Behavioural responses of naive Arctic charr young to chemical cues from salmonid and non-salmonid fish

The ability to distinguish among chemical cues from multiple predators is of key adaptive value for many prey fish. We examined the attractiveness and repulsiveness of chemical stimuli from different coexisting fish species fed on different diets on the behaviour of hatchery reared Arctic charr young in a Y-maze fluviarum, where the charr could choose between two sides either with control water or stimulus water with fish odour. We used stimuli from (1) matching sized conspecifics, large (2) Arctic charr, (3) salmon, (4) brown trout and (5) brown trout fed on Arctic charr fry. Other salmonids were given pellet food. Additional fish odour treatments included piscivorous (6) pike and (7) burbot. In the control trials both sides received control water. Arctic charr young were expected to respond adaptively to the stimuli from coexisting piscivorous fish. The charr most strongly preferred water with the odour of their matching sized conspecifics, which was the only fish odour they were familiar with before the experiments. They also showed significant preference for other salmonid odours, even though these fish are potential predators on small charr. Chemical stimuli from pike and burbot, on the contrary, were strongly avoided, and burbot odour even prevented the charr to swim and enter the lateral halves of the fluviarum. Moreover, odour from brown trout fed on Arctic charr fry was avoided when compared to stimuli from trout fed on pellets. Although the Arctic charr young were completely naive regarding piscivores, the fact that they could distinguish between different predator taxa and diets on the basis of chemical cues only reflects the long coevolutionary history of these fish populations.     

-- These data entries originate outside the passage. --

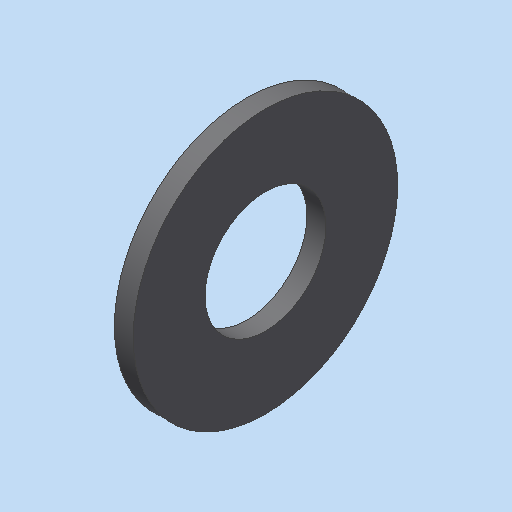
# Autodesk Inventor part: Scheibe_DIN_125_1_A_3_2
Saved by Autodesk Inventor 2023.3 (Build 273359000, 359)
## iProperties
Shininess: 64.0
Length Units: 11269
Angle Units: 11279
Time Units: 11290
Mass Units: 11283
Length Display Precision: 3
Angle Display Precision: 2
Compacted: True
Part Number: Scheibe_DIN_125_1_A_3_2
Document SubType Name: Modeling
Created: 2004-04-25
Description: =<RBPARTNOTITLE2>
Vendor: NORM8
Designer: C.Fischer
Manufacturer: Standard
Standards Organization: Custom
Material: xStahl_AnP_Dummymaterial
Density: 7.85 g/cm^3
Appearance: Stahl - normal AnP
DOC_ID: 5 F45 Scheibe_DIN_125_1_A_3_2
GAIN_REFID: 20__Scheibe_DIN_125_1_A_3_2:CBE8E
Control State: 0
Master: False
Checked Out: False
CNS_NB: Scheibe DIN 125-1-A-3.2
CNS_NN: DIN 125-A - Teil 1
CNS_NT: Scheiben, Produktklasse A, bis Haerte 250 HV, vorzugsweise fuer Sechskantschrauben und -muttern
CNS_NBSYN: Scheibe DIN 125-1-A-$NENN.
CNS_LINA: Scheibe DIN 125-1-A-3.2
CNS_D: 3.000
CNS_DA: 3.200
CNS_DW: 7.000
CNS_H: 0.500
CNS_NENN: 3.2
CNS_KT: X
PSOL_IDENT_0: {C:\partsolutions\data\23d-libs\bosch_bamberg\zubehoer\scheiben\din_125_teil_1_a.prj},153 {VTYP=3D},
PSOL_IDENT_1: {NB=Scheibe DIN 125-1-A-3.2},{NN=DIN 125-A - Teil 1},{DATE=26.11.2003},{GEOMDATE=26.11.2003},{VERSIO
PSOL_IDENT_2: N=v1},{LINEID=70},{LINESUBID=-1},{WBVAR=}  {NB=Scheibe DIN 125-1-A-3.2},{LINA=Scheibe DIN 125-1-A-3.
PSOL_IDENT_3: 2},{KT=X},{IDNR=},{D=3.000},{DA=3.200},{DW=7.000},{H=0.500},{NENN=3.2}
DEF_STKID: T19818
Bezeichnung1: Scheibe DIN 125-1-A-3.2
Bezeichnung2: Scheiben, Produktklasse A, bis Haerte 2
RBDRAWINGMISSINGSPEC: --
RBPARTNOTITLE1: Washer
RBPARTNOTITLE2: Scheibe
AnP_Katogorie: 4
AnP_Kategorie: 4
RBPARTMADEOF: DIN 125-1 - A  3.2 - 140 HV
Density: 0.0
Volumn: 0.0
Area: 0.0
PropertySet Name: Model Information
Title: Scheibe DIN 125-1-A-3.2
Author: C.Fischer
Keywords: =<RBPARTMADEOF>
Comments: =<RBSURFACE2>
Revision Number: 01
Autodesk Inventor part; units mm, degrees
sketch "Sketch_1" plane through (0, 0, 0) normal (0, 0, 1) x (1, 0, 0)
  line L0 (0.5, 0) -> (0, 0)
  line L1 (0, 1.6) -> (0.5, 1.6)
  line L2 (0.5, 1.6) -> (0.5, 3.5)
  line L3 (0.5, 3.5) -> (0, 3.5)
  line L4 (0, 3.5) -> (0, 1.6)
  constraints: 10 end point
revolve "Revolution1" add sketch "Sketch_1" angle 360 about axis through (0.5, 0, 0) along (-1, 0, 0)
ref_plane "IP1_XY" through (0, 0, 0) normal (1, 0, 0) x (0, 0, -1)
ref_plane "IP1_YZ" through (0, 0, 0) normal (0, 0, -1) x (0, 1, 0)
ref_plane "IP2_XY" through (0.5, 0, 0) normal (1, 0, 0) x (0, 0, -1)
ref_plane "IP2_YZ" through (0.5, 0, 0) normal (0, 0, -1) x (0, 1, 0)

Combined effects of environmental factors and predator–prey interactions on zooplankton assemblages in five high alpine lakes

The examination of a yearly cycle of plankton density (rotifer and microcrustacean) and of 419 stomach contents of four species of salmonid fishes, arctic charr, Salvelinus alpinus, brown trout, Salmo trutta, rainbow trout, Onchorynchus mykiss and lake trout, Salvelinus namaycush, living in five high altitude lakes in the French Alps, shows an impact of abiotic variates and the effects of predation on the composition of zooplankton assemblages. The lakes studied may be divided in two groups. The colder, Muzelle and Puy Vachier, are characterised by a low level of food resources, an important impact of predation, and the near absence of planktonic crustaceans. The second group, consisting of Lakes Les Pisses, Petarel and Palluel, is characterised by a low density rotifer assemblage and a more abundant crustacean population controlled by a low level of fish predation.